The dropdown filtering is based on the style name containing the component name. This is why including the component name in the FMX Style Name is essential.
Update Styles
When you refine your styles and re-export the .fsf file, the RAD Studio application picks up the changes automatically the next time the form is opened in the designer or when the application is run. There's no special reload step, just overwrite the old .fsf file with the new one.
Accessing the Tool
Launch the Style Designer directly from the command line or file explorer:
- 32-bit version,
C:\Program Files (x86)\Embarcadero\Studio\37.0\bin\FMXStyleDesigner.exe - 64-bit version,
C:\Program Files (x86)\Embarcadero\Studio\37.0\bin64\FMXStyleDesigner.exe
Best Practices and Recommendations
This section outlines best practices for using the FMX Style Designer tool and provides recommendations.
RAD Studio makes the following recommendations when using the FMX Style Designer tool:
Start with Design Tokens:
- It is recommended to define comprehensive parameters before creating component styles. Define a complete color system (primary, secondary, and all semantic colors), typography scale, spacing units, and standard dimensions.
- Use descriptive, semantic parameter names. Names should convey meaning and intent rather than appearance. The name "primary" is more meaningful than "blue" because it remains accurate even if the actual color changes.
Keep Visual Consistency:
- Leverage parameters and shared resources aggressively.
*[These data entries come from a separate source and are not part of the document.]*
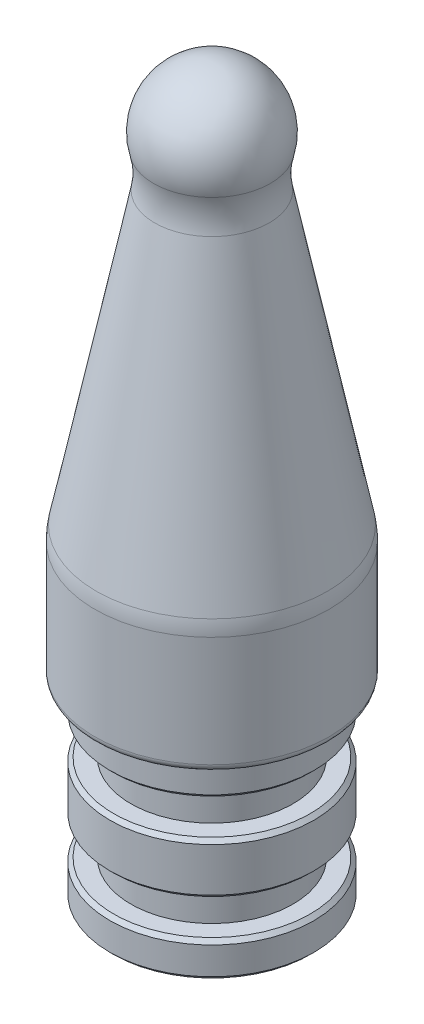
ISO-10303-21;
HEADER;
FILE_DESCRIPTION(('STEP AP214'),'2;1');
FILE_NAME('part.step','',(''),(''),'','','');
FILE_SCHEMA(('AUTOMOTIVE_DESIGN { 1 0 10303 214 1 1 1 1 }'));
ENDSEC;
DATA;
#1=APPLICATION_CONTEXT('core data for automotive mechanical design processes');
#2=APPLICATION_PROTOCOL_DEFINITION('international standard','automotive_design',2000,#1);
#3=PRODUCT_CONTEXT('',#1,'mechanical');
#4=PRODUCT('Part','Part','',(#3));
#5=PRODUCT_RELATED_PRODUCT_CATEGORY('part','',(#4));
#6=PRODUCT_DEFINITION_FORMATION('','',#4);
#7=PRODUCT_DEFINITION_CONTEXT('part definition',#1,'design');
#8=PRODUCT_DEFINITION('design','',#6,#7);
#9=PRODUCT_DEFINITION_SHAPE('','',#8);
#10=(LENGTH_UNIT() NAMED_UNIT(*) SI_UNIT(.MILLI.,.METRE.));
#11=(NAMED_UNIT(*) PLANE_ANGLE_UNIT() SI_UNIT($,.RADIAN.));
#12=(NAMED_UNIT(*) SI_UNIT($,.STERADIAN.) SOLID_ANGLE_UNIT());
#13=UNCERTAINTY_MEASURE_WITH_UNIT(LENGTH_MEASURE(1.E-05),#10,'distance_accuracy_value','');
#14=(GEOMETRIC_REPRESENTATION_CONTEXT(3) GLOBAL_UNCERTAINTY_ASSIGNED_CONTEXT((#13)) GLOBAL_UNIT_ASSIGNED_CONTEXT((#10,
#11,#12)) REPRESENTATION_CONTEXT('',''));
#15=CARTESIAN_POINT('',(0.,0.,0.));
#16=DIRECTION('',(0.,0.,1.));
#17=DIRECTION('',(1.,0.,0.));
#18=AXIS2_PLACEMENT_3D('',#15,#16,#17);
#19=CARTESIAN_POINT('',(0.,0.,0.));
#20=DIRECTION('',(0.,1.,0.));
#21=DIRECTION('',(0.,0.,1.));
#22=AXIS2_PLACEMENT_3D('',#19,#20,#21);
#23=PLANE('',#22);
#24=CARTESIAN_POINT('',(0.,0.,0.));
#25=DIRECTION('',(0.,1.,0.));
#26=DIRECTION('',(0.,0.,1.));
#27=AXIS2_PLACEMENT_3D('',#24,#25,#26);
#28=CIRCLE('',#27,13.);
#29=CARTESIAN_POINT('',(0.,0.,13.));
#30=VERTEX_POINT('',#29);
#31=EDGE_CURVE('E71',#30,#30,#28,.F.);
#32=ORIENTED_EDGE('',*,*,#31,.T.);
#33=EDGE_LOOP('',(#32));
#34=FACE_BOUND('',#33,.T.);
#35=CARTESIAN_POINT('',(0.,0.,0.));
#36=DIRECTION('',(0.,-1.,0.));
#37=DIRECTION('',(0.,0.,-1.));
#38=AXIS2_PLACEMENT_3D('',#35,#36,#37);
#39=CIRCLE('',#38,2.09999999999999);
#40=CARTESIAN_POINT('',(0.,0.,-2.09999999999999));
#41=VERTEX_POINT('',#40);
#42=EDGE_CURVE('E119',#41,#41,#39,.T.);
#43=ORIENTED_EDGE('',*,*,#42,.F.);
#44=EDGE_LOOP('',(#43));
#45=FACE_BOUND('',#44,.T.);
#46=ADVANCED_FACE('F45',(#34,#45),#23,.F.);
#47=CARTESIAN_POINT('',(0.,-29.1154086371947,0.));
#48=DIRECTION('',(0.,-1.,0.));
#49=DIRECTION('',(0.,0.,-1.));
#50=AXIS2_PLACEMENT_3D('',#47,#48,#49);
#51=CYLINDRICAL_SURFACE('',#50,13.5);
#52=CARTESIAN_POINT('',(0.,21.34,0.));
#53=DIRECTION('',(0.,1.,0.));
#54=DIRECTION('',(0.,0.,1.));
#55=AXIS2_PLACEMENT_3D('',#52,#53,#54);
#56=CIRCLE('',#55,13.5);
#57=CARTESIAN_POINT('',(0.,21.34,13.5));
#58=VERTEX_POINT('',#57);
#59=EDGE_CURVE('E95',#58,#58,#56,.T.);
#60=ORIENTED_EDGE('',*,*,#59,.T.);
#61=EDGE_LOOP('',(#60));
#62=FACE_BOUND('',#61,.T.);
#63=CARTESIAN_POINT('',(0.,25.1999999999997,0.));
#64=DIRECTION('',(0.,-1.,0.));
#65=DIRECTION('',(1.,0.,0.));
#66=AXIS2_PLACEMENT_3D('',#63,#64,#65);
#67=CIRCLE('',#66,13.5);
#68=CARTESIAN_POINT('',(13.5,25.1999999999997,0.));
#69=VERTEX_POINT('',#68);
#70=EDGE_CURVE('E113',#69,#69,#67,.T.);
#71=ORIENTED_EDGE('',*,*,#70,.T.);
#72=EDGE_LOOP('',(#71));
#73=FACE_BOUND('',#72,.T.);
#74=ADVANCED_FACE('F126',(#62,#73),#51,.T.);
#75=CARTESIAN_POINT('',(-13.5,20.84,0.));
#76=DIRECTION('',(0.,1.,0.));
#77=DIRECTION('',(0.,0.,1.));
#78=AXIS2_PLACEMENT_3D('',#75,#76,#77);
#79=PLANE('',#78);
#80=CARTESIAN_POINT('',(0.,20.84,0.));
#81=DIRECTION('',(0.,1.,0.));
#82=DIRECTION('',(0.,0.,1.));
#83=AXIS2_PLACEMENT_3D('',#80,#81,#82);
#84=CIRCLE('',#83,13.);
#85=CARTESIAN_POINT('',(0.,20.84,13.));
#86=VERTEX_POINT('',#85);
#87=EDGE_CURVE('E98',#86,#86,#84,.F.);
#88=ORIENTED_EDGE('',*,*,#87,.T.);
#89=EDGE_LOOP('',(#88));
#90=FACE_BOUND('',#89,.T.);
#91=CARTESIAN_POINT('',(0.,20.84,0.));
#92=DIRECTION('',(0.,-1.,0.));
#93=DIRECTION('',(0.,0.,-1.));
#94=AXIS2_PLACEMENT_3D('',#91,#92,#93);
#95=CIRCLE('',#94,10.73);
#96=CARTESIAN_POINT('',(0.,20.84,-10.73));
#97=VERTEX_POINT('',#96);
#98=EDGE_CURVE('E101',#97,#97,#95,.T.);
#99=ORIENTED_EDGE('',*,*,#98,.F.);
#100=EDGE_LOOP('',(#99));
#101=FACE_BOUND('',#100,.T.);
#102=ADVANCED_FACE('F132',(#90,#101),#79,.F.);
#103=CARTESIAN_POINT('',(0.,-29.1154086371947,0.));
#104=DIRECTION('',(0.,-1.,0.));
#105=DIRECTION('',(0.,0.,-1.));
#106=AXIS2_PLACEMENT_3D('',#103,#104,#105);
#107=CYLINDRICAL_SURFACE('',#106,10.73);
#108=CARTESIAN_POINT('',(0.,16.14,0.));
#109=DIRECTION('',(0.,-1.,0.));
#110=DIRECTION('',(0.,0.,-1.));
#111=AXIS2_PLACEMENT_3D('',#108,#109,#110);
#112=CIRCLE('',#111,10.73);
#113=CARTESIAN_POINT('',(0.,16.14,-10.73));
#114=VERTEX_POINT('',#113);
#115=EDGE_CURVE('E104',#114,#114,#112,.T.);
#116=ORIENTED_EDGE('',*,*,#115,.F.);
#117=EDGE_LOOP('',(#116));
#118=FACE_BOUND('',#117,.T.);
#119=ORIENTED_EDGE('',*,*,#98,.T.);
#120=EDGE_LOOP('',(#119));
#121=FACE_BOUND('',#120,.T.);
#122=ADVANCED_FACE('F163',(#118,#121),#107,.T.);
#123=CARTESIAN_POINT('',(-10.73,16.14,0.));
#124=DIRECTION('',(0.,-1.,0.));
#125=DIRECTION('',(0.,0.,-1.));
#126=AXIS2_PLACEMENT_3D('',#123,#124,#125);
#127=PLANE('',#126);
#128=CARTESIAN_POINT('',(0.,16.14,0.));
#129=DIRECTION('',(0.,-1.,0.));
#130=DIRECTION('',(0.,0.,-1.));
#131=AXIS2_PLACEMENT_3D('',#128,#129,#130);
#132=CIRCLE('',#131,13.);
#133=CARTESIAN_POINT('',(0.,16.14,-13.));
#134=VERTEX_POINT('',#133);
#135=EDGE_CURVE('E86',#134,#134,#132,.F.);
#136=ORIENTED_EDGE('',*,*,#135,.T.);
#137=EDGE_LOOP('',(#136));
#138=FACE_BOUND('',#137,.T.);
#139=ORIENTED_EDGE('',*,*,#115,.T.);
#140=EDGE_LOOP('',(#139));
#141=FACE_BOUND('',#140,.T.);
#142=ADVANCED_FACE('F159',(#138,#141),#127,.F.);
#143=CARTESIAN_POINT('',(0.,-29.1154086371947,0.));
#144=DIRECTION('',(0.,-1.,0.));
#145=DIRECTION('',(0.,0.,-1.));
#146=AXIS2_PLACEMENT_3D('',#143,#144,#145);
#147=CYLINDRICAL_SURFACE('',#146,13.5);
#148=CARTESIAN_POINT('',(0.,15.64,0.));
#149=DIRECTION('',(0.,-1.,0.));
#150=DIRECTION('',(0.,0.,-1.));
#151=AXIS2_PLACEMENT_3D('',#148,#149,#150);
#152=CIRCLE('',#151,13.5);
#153=CARTESIAN_POINT('',(0.,15.64,-13.5));
#154=VERTEX_POINT('',#153);
#155=EDGE_CURVE('E89',#154,#154,#152,.T.);
#156=ORIENTED_EDGE('',*,*,#155,.T.);
#157=EDGE_LOOP('',(#156));
#158=FACE_BOUND('',#157,.T.);
#159=CARTESIAN_POINT('',(0.,9.83999999999999,0.));
#160=DIRECTION('',(0.,1.,0.));
#161=DIRECTION('',(0.,0.,1.));
#162=AXIS2_PLACEMENT_3D('',#159,#160,#161);
#163=CIRCLE('',#162,13.5);
#164=CARTESIAN_POINT('',(0.,9.83999999999999,13.5));
#165=VERTEX_POINT('',#164);
#166=EDGE_CURVE('E92',#165,#165,#163,.T.);
#167=ORIENTED_EDGE('',*,*,#166,.T.);
#168=EDGE_LOOP('',(#167));
#169=FACE_BOUND('',#168,.T.);
#170=ADVANCED_FACE('F155',(#158,#169),#147,.T.);
#171=CARTESIAN_POINT('',(-13.5,9.34,0.));
#172=DIRECTION('',(0.,1.,0.));
#173=DIRECTION('',(0.,0.,1.));
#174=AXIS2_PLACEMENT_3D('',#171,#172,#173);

If two components have similar shadows, they should reference the same shadow resource. If three buttons use the same corner radius, that should be a parameter, not three separately entered values.
- Avoid slight variations for components; these one-off customizations accumulate over time and create a maintenance burden.
- It is recommended to keep your project structure organized from the start. Delete unused resources rather than letting them accumulate. Rename resources when their purpose changes. Maintain clear hierarchies in your Common Elements section through thoughtful naming. Periodic cleanup sessions are valuable.
Test Across Scales and States:
- Use the live preview extensively during development. Click buttons, hover over components, type in text inputs.
- Ensure all states have appropriate visual feedback and that transitions between states are smooth.
- For mobile-focused applications, verify that touch targets meet minimum size guidelines and have sufficient visual feedback in pressed states.
- Note:
The live preview doesn't work perfectly for all styled controls. Some complex components, such asTGrid,TMenuItem, orTTreeNode, may not render exactly as they do in your application. The preview works best for simpler components like buttons, panels, edits, and labels. For complex components, always verify the final appearance by testing in a running RAD Studio application.